Pero con la revelación de las Piezas del Umbral, mis ambiciones ya no se medían en territorios conquistados, sino en realidades por dominar.

Necesitaba herramientas a la altura de ese nuevo propósito.

Herramientas que no solo abrumaran, sino que aterrorizaran.

“Valerius,” anuncié, mis ojos amarillos fijándose en la terminal de diseño central.

“Es hora de darle un golpe de autoridad a este mundo.

Iniciemos el Proyecto ‘Apoliön’.

Mark I.” El holograma que surgió era pura poesía mecánica letal.

Un mecha bípedo de 2.30 metros, una estatura diseñada para imponer sin perder agilidad.

Su silueta no era la de un robot torpe; era angulosa, agresiva, inspirada directamente en las líneas brutales y amenazantes de los Decepticons que habitaban mi memoria anterior.

Ellos eran la esencia del poder militarista y la villanía sin disculpas, y yo capturaría ese espíritu.

“Especificaciones de combate,” detallé, resaltando cada brazo.

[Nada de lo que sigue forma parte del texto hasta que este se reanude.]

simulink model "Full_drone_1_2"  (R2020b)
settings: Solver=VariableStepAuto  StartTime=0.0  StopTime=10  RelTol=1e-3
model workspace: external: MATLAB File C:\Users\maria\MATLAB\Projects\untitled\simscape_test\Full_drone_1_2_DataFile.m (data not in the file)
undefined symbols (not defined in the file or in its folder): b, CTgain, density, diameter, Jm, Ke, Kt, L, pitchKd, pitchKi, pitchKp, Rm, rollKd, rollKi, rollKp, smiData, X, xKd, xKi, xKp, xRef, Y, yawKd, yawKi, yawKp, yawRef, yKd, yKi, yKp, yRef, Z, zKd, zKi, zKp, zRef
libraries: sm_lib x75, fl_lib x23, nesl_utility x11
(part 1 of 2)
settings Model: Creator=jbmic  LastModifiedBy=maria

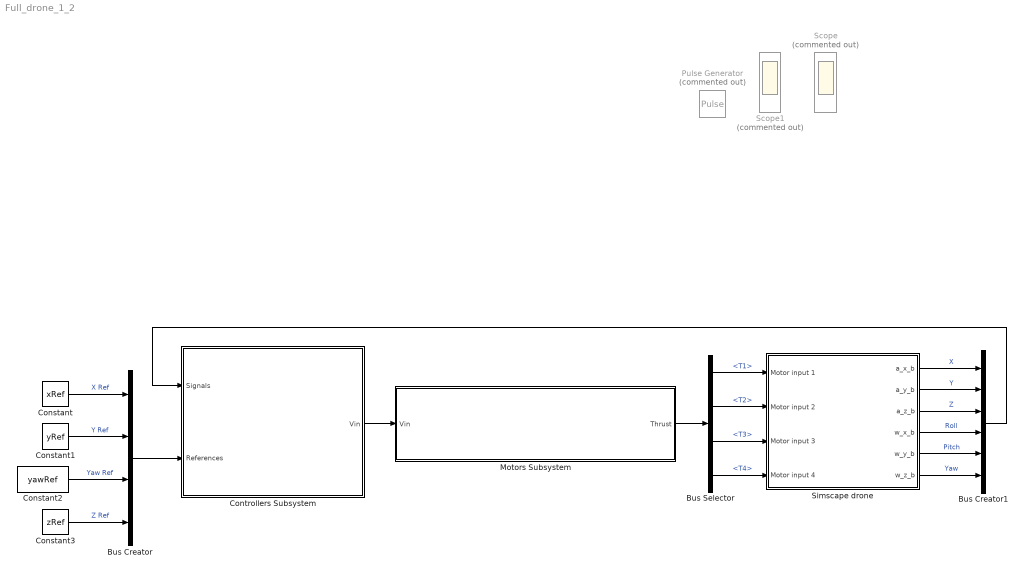
== system Full_drone_1_2 ==
  Bus Creator : BusCreator  Inputs=4
  Bus Creator1 : BusCreator  Inputs=6
  Bus Selector : BusSelector  OutputSignals=T1,T2,T3,T4
  Constant : Constant  Value=xRef
  Constant1 : Constant  Value=yRef
  Constant2 : Constant  Value=yawRef
  Constant3 : Constant  Value=zRef
  Controllers Subsystem : Subsystem
  Motors Subsystem : Subsystem
  Pulse Generator : DiscretePulseGenerator  Commented=on  PulseType=Time based  Amplitude=2  Period=1  PulseWidth=70
  Scope : Scope  Commented=on  NumInputPorts=3
  Scope1 : Scope  Commented=on  NumInputPorts=3
  Simscape drone : Subsystem
  wires:
  Simscape drone/4(w_x_b) -> Bus Creator1/4  "Roll"
  Simscape drone/5(w_y_b) -> Bus Creator1/5  "Pitch"
  Simscape drone/6(w_z_b) -> Bus Creator1/6  "Yaw"
  Simscape drone/3(a_z_b) -> Bus Creator1/3  "Z"
  Simscape drone/2(a_y_b) -> Bus Creator1/2  "Y"
  Simscape drone/1(a_x_b) -> Bus Creator1/1  "X"
  Bus Creator1/1 -> Controllers Subsystem/1(Signals)
  Constant/1 -> Bus Creator/1  "X Ref"
  Constant1/1 -> Bus Creator/2  "Y Ref"
  Constant2/1 -> Bus Creator/3  "Yaw Ref"
  Constant3/1 -> Bus Creator/4  "Z Ref"
  Bus Creator/1 -> Controllers Subsystem/2(References)
  Controllers Subsystem/1(Vin) -> Motors Subsystem/1(Vin)
  Motors Subsystem/1(Thrust) -> Bus Selector/1
  Bus Selector/3 -> Simscape drone/3(Motor input 3)  "<T3>"
  Bus Selector/4 -> Simscape drone/4(Motor input 4)  "<T4>"
  Bus Selector/2 -> Simscape drone/2(Motor input 2)  "<T2>"
  Bus Selector/1 -> Simscape drone/1(Motor input 1)  "<T1>"

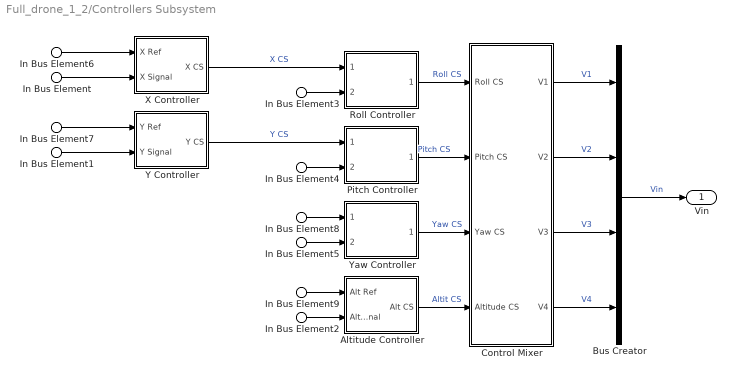
== system Full_drone_1_2/Controllers Subsystem ==
  In Bus Element : Inport  PortName=Signals  Element=X
  In Bus Element1 : Inport  PortName=Signals  Element=Y
  In Bus Element2 : Inport  PortName=Signals  Element=Z
  In Bus Element3 : Inport  PortName=Signals  Element=Roll
  In Bus Element4 : Inport  PortName=Signals  Element=Pitch
  In Bus Element5 : Inport  PortName=Signals  Element=Yaw
  In Bus Element6 : Inport  Port=2  PortName=References  Element=X Ref
  In Bus Element7 : Inport  Port=2  PortName=References  Element=Y Ref
  In Bus Element8 : Inport  Port=2  PortName=References  Element=Yaw Ref
  In Bus Element9 : Inport  Port=2  PortName=References  Element=Z Ref
  Altitude Controller : Subsystem
  Bus Creator : BusCreator  Inputs=4
  Control Mixer : Subsystem
  Pitch Controller : Subsystem
  Roll Controller : Subsystem
  X Controller : Subsystem
  Y Controller : Subsystem
  Yaw Controller : Subsystem
  Vin : Outport
  wires:
  In Bus Element9/1 -> Altitude Controller/1(Alt Ref)
  In Bus Element6/1 -> X Controller/1(X Ref)
  Control Mixer/3(V3) -> Bus Creator/3  "V3"
  In Bus Element8/1 -> Yaw Controller/1(Yaw Ref)
  Yaw Controller/1(Yaw CS) -> Control Mixer/3(Yaw CS)  "Yaw CS"
  In Bus Element7/1 -> Y Controller/1(Y Ref)
  Altitude Controller/1(Alt CS) -> Control Mixer/4(Altitude CS)  "Altit CS"
  X Controller/1(X CS) -> Roll Controller/1(Roll Ref)  "X CS"
  Y Controller/1(Y CS) -> Pitch Controller/1(Pitch Ref)  "Y CS"
  Pitch Controller/1(Pitch CS) -> Control Mixer/2(Pitch CS)  "Pitch CS"
  Control Mixer/2(V2) -> Bus Creator/2  "V2"
  Roll Controller/1(Roll CS) -> Control Mixer/1(Roll CS)  "Roll CS"
  Bus Creator/1 -> Vin/1  "Vin"
  Control Mixer/4(V4) -> Bus Creator/4  "V4"
  Control Mixer/1(V1) -> Bus Creator/1  "V1"
  In Bus Element/1 -> X Controller/2(X Signal)
  In Bus Element1/1 -> Y Controller/2(Y Signal)
  In Bus Element2/1 -> Altitude Controller/2(Alt Signal)
  In Bus Element3/1 -> Roll Controller/2(Roll Signal)
  In Bus Element4/1 -> Pitch Controller/2(Pitch Signal)
  In Bus Element5/1 -> Yaw Controller/2(Yaw Signal)

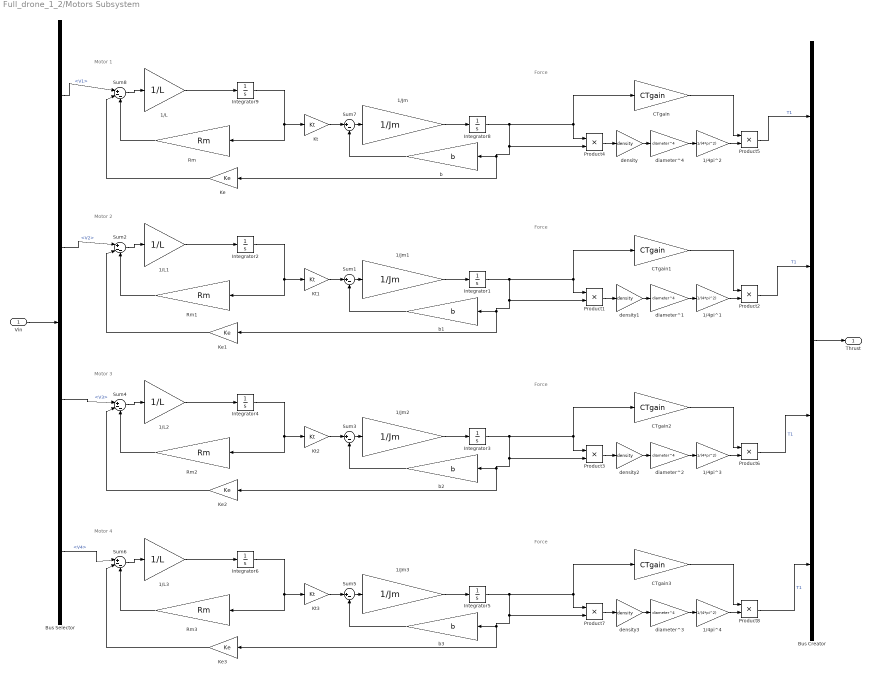
== system Full_drone_1_2/Motors Subsystem ==
  note: Motor 1
  note: Force
  note: Motor 2
  note: Force
  note: Motor 3
  note: Force
  note: Motor 4
  note: Force
  Vin : Inport
  1/4pi^{1..4} (4 alike) : Gain  Gain=1/(4*pi^2)
  1/Jm{,1..3} (4 alike) : Gain  Gain=1/Jm
  1/L{,1..3} (4 alike) : Gain  Gain=1/L
  Bus Creator : BusCreator  Inputs=4
  Bus Selector : BusSelector  OutputSignals=V1,V2,V3,V4
  CTgain{,1..3} (4 alike) : Gain  Gain=CTgain
  Integrator{1..6,8..9} (8 alike) : Integrator
  Ke{,1..3} (4 alike) : Gain  Gain=Ke
  Kt{,1..3} (4 alike) : Gain  Gain=Kt
  Product{1..8} (8 alike) : Product
  Rm{,1..3} (4 alike) : Gain  Gain=Rm
  Sum{1,3,5,7} (4 alike) : Sum  Inputs=|+-
  Sum{2,4,6,8} (4 alike) : Sum  Inputs=|+--
  b{,1..3} (4 alike) : Gain  Gain=b
  density{,1..3} (4 alike) : Gain  Gain=density
  diameter^{1..4} (4 alike) : Gain  Gain=diameter^4
  Thrust : Outport
  wires:
  Rm/1 -> Sum8/3
  1/L/1 -> Integrator9/1
  Sum7/1 -> 1/Jm/1
  density/1 -> diameter^4/1
  Integrator8/1 -> Ke/1, b/1, Product4/2, Product4/1, CTgain/1
  diameter^4/1 -> 1/4pi^2/1
  Ke/1 -> Sum8/2
  Product4/1 -> density/1
  Integrator9/1 -> Kt/1, Rm/1
  1/4pi^2/1 -> Product5/2
  Product5/1 -> Bus Creator/1  "T1"
  Bus Selector/1 -> Sum8/1  "<V1>"
  Sum8/1 -> 1/L/1
  Kt/1 -> Sum7/1
  1/Jm/1 -> Integrator8/1
  CTgain/1 -> Product5/1
  b/1 -> Sum7/2
  Vin/1 -> Bus Selector/1
  Bus Creator/1 -> Thrust/1
  Kt1/1 -> Sum1/1
  1/4pi^1/1 -> Product2/2
  diameter^1/1 -> 1/4pi^1/1
  1/L1/1 -> Integrator2/1
  Integrator1/1 -> Ke1/1, b1/1, Product1/2, Product1/1, CTgain1/1
  Product1/1 -> density1/1
  Ke1/1 -> Sum2/2
  Integrator2/1 -> Kt1/1, Rm1/1
  Sum2/1 -> 1/L1/1
  b1/1 -> Sum1/2
  CTgain1/1 -> Product2/1
  1/Jm1/1 -> Integrator1/1
  density1/1 -> diameter^1/1
  Rm1/1 -> Sum2/3
  Sum1/1 -> 1/Jm1/1
  Bus Selector/2 -> Sum2/1  "<V2>"
  Product2/1 -> Bus Creator/2  "T1"
  Kt2/1 -> Sum3/1
  1/4pi^3/1 -> Product6/2
  diameter^2/1 -> 1/4pi^3/1
  1/L2/1 -> Integrator4/1
  Integrator3/1 -> Ke2/1, b2/1, Product3/2, Product3/1, CTgain2/1
  Product3/1 -> density2/1
  Ke2/1 -> Sum4/2
  Integrator4/1 -> Kt2/1, Rm2/1
  Sum4/1 -> 1/L2/1
  b2/1 -> Sum3/2
  CTgain2/1 -> Product6/1
  1/Jm2/1 -> Integrator3/1
  density2/1 -> diameter^2/1
  Rm2/1 -> Sum4/3
  Sum3/1 -> 1/Jm2/1
  Bus Selector/3 -> Sum4/1  "<V3>"
  Product6/1 -> Bus Creator/3  "T1"
  Kt3/1 -> Sum5/1
  1/4pi^4/1 -> Product8/2
  diameter^3/1 -> 1/4pi^4/1
  1/L3/1 -> Integrator6/1
  Integrator5/1 -> Ke3/1, b3/1, Product7/2, Product7/1, CTgain3/1
  Product7/1 -> density3/1
  Ke3/1 -> Sum6/2
  Integrator6/1 -> Kt3/1, Rm3/1
  Sum6/1 -> 1/L3/1
  b3/1 -> Sum5/2
  CTgain3/1 -> Product8/1
  1/Jm3/1 -> Integrator5/1
  density3/1 -> diameter^3/1
  Rm3/1 -> Sum6/3
  Sum5/1 -> 1/Jm3/1
  Bus Selector/4 -> Sum6/1  "<V4>"
  Product8/1 -> Bus Creator/4  "T1"

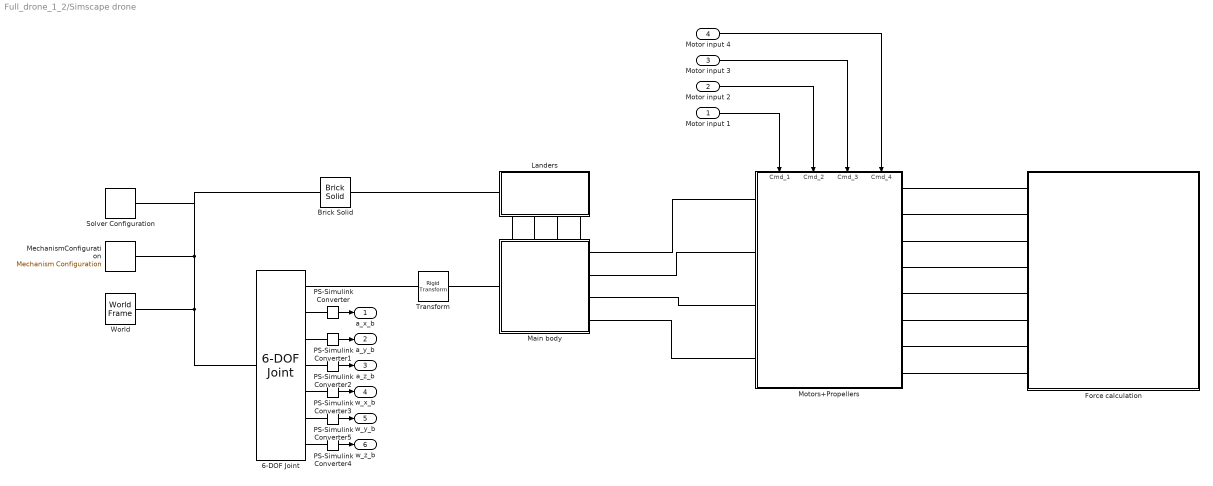
== system Full_drone_1_2/Simscape drone ==
  Motor input 1 : Inport
  Motor input 2 : Inport  Port=2
  Motor input 3 : Inport  Port=3
  Motor input 4 : Inport  Port=4
  6-DOF Joint : sm_lib/Joints/6-DOF Joint  JointMode=Normal  SenseConstraintForce=off  SenseConstraintForceX=off  SenseConstraintForceY=off  SenseConstraintForceZ=off  SenseConstraintTorque=off  SenseConstraintTorqueX=off  SenseConstraintTorqueY=off  SenseConstraintTorqueZ=off  SenseTotalForce=off  SenseTotalForceX=off  SenseTotalForceY=off  SenseTotalForceZ=off  SenseTotalTorque=off  SenseTotalTorqueX=off  SenseTotalTorqueY=off  SenseTotalTorqueZ=off  CompositeWrenchDir=FollowerOnBase  CompositeWrenchFrame=BaseFrame  PxEquilibriumPosition=0  PxEquilibriumPositionUnits=m  PxSpringStiffness=0  PxSpringStiffnessUnits=N/m  PxDampingCoefficient=0  PxDampingCoefficientUnits=N/(m/s)  PxTorqueActuationMode=NoTorque  PxMotionActuationMode=ComputedMotion  PxSensePosition=off  PxSenseVelocity=off  PxSenseAcceleration=on  PxSenseTorqueForce=off  PxSenseLowerLimitTorqueForce=off  PxSenseUpperLimitTorqueForce=off  PxLowerLimitSpecify=off  PxLowerLimitBound=-1  PxLowerLimitBoundUnits=m  PxLowerLimitStiffness=1e6  PxLowerLimitStiffnessUnits=N/m  PxLowerLimitDamping=1e3  PxLowerLimitDampingUnits=N/(m/s)  PxLowerLimitTransitionRegionWidth=1e-4  PxLowerLimitTransitionRegionWidthUnits=m  PxUpperLimitSpecify=off  PxUpperLimitBound=1  PxUpperLimitBoundUnits=m  PxUpperLimitStiffness=1e6  PxUpperLimitStiffnessUnits=N/m  PxUpperLimitDamping=1e3  PxUpperLimitDampingUnits=N/(m/s)  PxUpperLimitTransitionRegionWidth=1e-4  PxUpperLimitTransitionRegionWidthUnits=m  PxPositionTargetSpecify=off  PxPositionTargetPriority=High  PxPositionTargetValue=0  PxPositionTargetValueUnits=m  PxVelocityTargetSpecify=off  PxVelocityTargetPriority=High  PxVelocityTargetValue=0  PxVelocityTargetValueUnits=m/s  PyEquilibriumPosition=0  PyEquilibriumPositionUnits=m  PySpringStiffness=0  PySpringStiffnessUnits=N/m  PyDampingCoefficient=0  PyDampingCoefficientUnits=N/(m/s)  PyTorqueActuationMode=NoTorque  PyMotionActuationMode=ComputedMotion  PySensePosition=off  PySenseVelocity=off  PySenseAcceleration=on  PySenseTorqueForce=off  PySenseLowerLimitTorqueForce=off  PySenseUpperLimitTorqueForce=off  PyLowerLimitSpecify=off  PyLowerLimitBound=0  PyLowerLimitBoundUnits=m  PyLowerLimitStiffness=1e6  PyLowerLimitStiffnessUnits=N/m  PyLowerLimitDamping=1  PyLowerLimitDampingUnits=N/(m/s)  PyLowerLimitTransitionRegionWidth=1e4  PyLowerLimitTransitionRegionWidthUnits=m  PyUpperLimitSpecify=off  PyUpperLimitBound=1  PyUpperLimitBoundUnits=m  PyUpperLimitStiffness=1e6  PyUpperLimitStiffnessUnits=N/m  PyUpperLimitDamping=1e3  PyUpperLimitDampingUnits=N/(m/s)  PyUpperLimitTransitionRegionWidth=1e-4  PyUpperLimitTransitionRegionWidthUnits=m  PyPositionTargetSpecify=off  PyPositionTargetPriority=High  PyPositionTargetValue=0  PyPositionTargetValueUnits=m  PyVelocityTargetSpecify=off  PyVelocityTargetPriority=High  PyVelocityTargetValue=0  PyVelocityTargetValueUnits=m/s  PzEquilibriumPosition=0  PzEquilibriumPositionUnits=m  PzSpringStiffness=0  PzSpringStiffnessUnits=N/m  PzDampingCoefficient=0  PzDampingCoefficientUnits=N/(m/s)  PzTorqueActuationMode=NoTorque  PzMotionActuationMode=ComputedMotion  PzSensePosition=off  PzSenseVelocity=off  PzSenseAcceleration=on  PzSenseTorqueForce=off  PzSenseLowerLimitTorqueForce=off  PzSenseUpperLimitTorqueForce=off  PzLowerLimitSpecify=off  PzLowerLimitBound=-1  PzLowerLimitBoundUnits=m  PzLowerLimitStiffness=1e6  PzLowerLimitStiffnessUnits=N/m  PzLowerLimitDamping=1e3  PzLowerLimitDampingUnits=N/(m/s)  PzLowerLimitTransitionRegionWidth=1e-4  PzLowerLimitTransitionRegionWidthUnits=m  PzUpperLimitSpecify=off  PzUpperLimitBound=1  PzUpperLimitBoundUnits=m  PzUpperLimitStiffness=1e6  PzUpperLimitStiffnessUnits=N/m  PzUpperLimitDamping=1e3  PzUpperLimitDampingUnits=N/(m/s)  PzUpperLimitTransitionRegionWidth=1e-4  PzUpperLimitTransitionRegionWidthUnits=m  PzPositionTargetSpecify=off  PzPositionTargetPriority=High  PzPositionTargetValue=0  PzPositionTargetValueUnits=m  PzVelocityTargetSpecify=off  PzVelocityTargetPriority=High  PzVelocityTargetValue=0  PzVelocityTargetValueUnits=m/s  SphDefPosRotationMethod=None  SphDefPosRotationAngleUnits=deg  SphDefPosRotationStandardAxis=+Z  SphDefPosRotationAngle=0.0  SphDefPosRotationArbitraryAxis=[0 0 1]  SphDefPosFollAlignAxisA=+X  SphDefPosBaseAlignAxisA=+Y  SphDefPosFollAlignAxisB=+Y  SphDefPosBaseAlignAxisB=+Z  SphDefPosRotationSequenceAxes=FollowerAxes  SphDefPosRotationSequence=XYX  SphDefPosRotationSequenceAngles=[0 0 0]  SphDefPosRotationSequenceAnglesUnits=deg  SphDefPosRotationMatrix=[1 0 0; 0 1 0; 0 0 1]  SphEqPosRotationMethod=None  SphEqPosRotationAngleUnits=deg  SphEqPosRotationStandardAxis=+Z  SphEqPosRotationAngle=0.0  SphEqPosRotationArbitraryAxis=[0 0 1]  SphEqPosFollAlignAxisA=+X  SphEqPosBaseAlignAxisA=+Y  SphEqPosFollAlignAxisB=+Y  SphEqPosBaseAlignAxisB=+Z  SphEqPosRotationSequenceAxes=FollowerAxes  SphEqPosRotationSequence=XYX  SphEqPosRotationSequenceAngles=[0 0 0]  SphEqPosRotationSequenceAnglesUnits=deg  SphEqPosRotationMatrix=[1 0 0; 0 1 0; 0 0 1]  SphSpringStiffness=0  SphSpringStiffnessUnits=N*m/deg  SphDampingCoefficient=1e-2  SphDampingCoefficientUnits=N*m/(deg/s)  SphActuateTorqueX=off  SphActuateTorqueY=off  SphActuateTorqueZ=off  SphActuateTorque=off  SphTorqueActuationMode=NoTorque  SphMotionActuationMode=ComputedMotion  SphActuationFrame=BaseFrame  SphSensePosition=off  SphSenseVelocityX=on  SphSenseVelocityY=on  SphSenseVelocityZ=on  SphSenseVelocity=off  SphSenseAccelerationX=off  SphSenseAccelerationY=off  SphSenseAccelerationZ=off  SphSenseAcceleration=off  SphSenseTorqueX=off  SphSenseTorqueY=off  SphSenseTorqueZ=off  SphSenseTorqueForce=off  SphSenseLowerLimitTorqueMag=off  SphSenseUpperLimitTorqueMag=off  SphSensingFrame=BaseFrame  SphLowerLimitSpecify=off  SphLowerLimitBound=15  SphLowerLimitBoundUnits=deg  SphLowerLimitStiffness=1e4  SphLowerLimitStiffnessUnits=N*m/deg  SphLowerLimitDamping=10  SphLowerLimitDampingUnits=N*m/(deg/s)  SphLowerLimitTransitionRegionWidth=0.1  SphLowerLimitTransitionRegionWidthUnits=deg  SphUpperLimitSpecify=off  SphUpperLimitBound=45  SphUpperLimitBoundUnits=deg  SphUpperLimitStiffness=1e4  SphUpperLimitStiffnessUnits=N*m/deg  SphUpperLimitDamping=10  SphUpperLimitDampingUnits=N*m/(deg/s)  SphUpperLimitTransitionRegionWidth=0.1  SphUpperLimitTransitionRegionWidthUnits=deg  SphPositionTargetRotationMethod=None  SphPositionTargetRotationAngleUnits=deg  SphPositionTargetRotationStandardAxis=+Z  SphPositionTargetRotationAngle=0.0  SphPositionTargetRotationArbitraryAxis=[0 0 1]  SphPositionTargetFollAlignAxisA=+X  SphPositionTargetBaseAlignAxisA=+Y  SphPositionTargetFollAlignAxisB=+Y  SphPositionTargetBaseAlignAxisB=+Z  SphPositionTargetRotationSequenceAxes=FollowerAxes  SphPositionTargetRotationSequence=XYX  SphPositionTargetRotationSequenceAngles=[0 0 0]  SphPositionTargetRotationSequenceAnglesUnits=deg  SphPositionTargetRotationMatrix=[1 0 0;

“Derecha: una hoja de plasma estabilizada de alta frecuencia.

Para un corte limpio que ignore la mayoría de los blindajes.

Izquierda: un escudo de energía proyectada modular, y anclado en el antebrazo, un cañón de aceleración de plasma pesado.

Defensa sólida y potencia de fuego demoledora en un solo paquete.” “Movilidad,” continué.

“Propulsores de vectores en espalda y piernas.

Capacidad de vuelo atmosférico a altas velocidades y salto aumentado.

Será un depredador, no un tanque.” Luego vino la supervivencia.

“Blindaje compuesto por capas.

Externa: Titanio reforzado y Uranio empobrecido para máxima resistencia a impactos.

Media: Acero cerámico reforzado para disipar energía térmica.

Interna: Aluminio de alta densidad y Kevlar reforzado para absorber metralla.

Y envolviéndolo todo, un escudo de plasma deflector de cobertura completa.

Anulará cualquier cosa que no sea un golpe directo y masivo.” “Los colores,” preguntó Valerius, su núcleo de diamante reflejando el diseño.

“Armazón principal, rojo sangre,” declaré.

El color de mi imperio y una advertencia.

“La cabeza, blanca.

Un cráneo mecánico e impasible.

Los visores, un azul frío y penetrante.” La imagen era aterradora.

Un espectro de muerte en rojo y blanco.

Mientras las líneas de producción se dedicaban a forjar al Apoliön, mi mente pasó a la infantería pesada.

Los droidekas de aquellos archivos eran un buen concepto, pero lamentablemente ejecutado.

“Los droidekas.

Rediseño completo.

Dupliquen su potencia de fuego, cuatro cañones repetidores de alto rendimiento.

Reemplacen su blindaje por carburo de vanadio; quiero que sean más duros que el acero cerámico.

Y su IA no puede ser la estúpida lógica de ‘rodar-disparar’.

Implementen una IA táctica básica.

Que priorice blancos de alto valor, que use cobertura, que se repliegue bajo fuego pesado.

Deben ser torretas mortales con movilidad.” “Entendido, jefe.

Serán el sueño húmedo de un general y la pesadilla de cualquier infantería,” comentó Valerius con su sarcasmo habitual.

Fue en ese momento que lo sentí.

La vibración familiar y absurda.

Mi teléfono, el vínculo con mi patrón interdimensional, cobró vida en mi bolsillo dimensional.

Lo extraje.

La pantalla mostraba el chat de 𓂀.

𓂀: La segunda Pieza del Umbral aguarda.

Su localización te es transmitida.

Un mapa de Mobius se desplegó, haciendo zoom en una región montañosa y yerma, marcando unas coordenadas a casi 100,000 kilómetros de distancia.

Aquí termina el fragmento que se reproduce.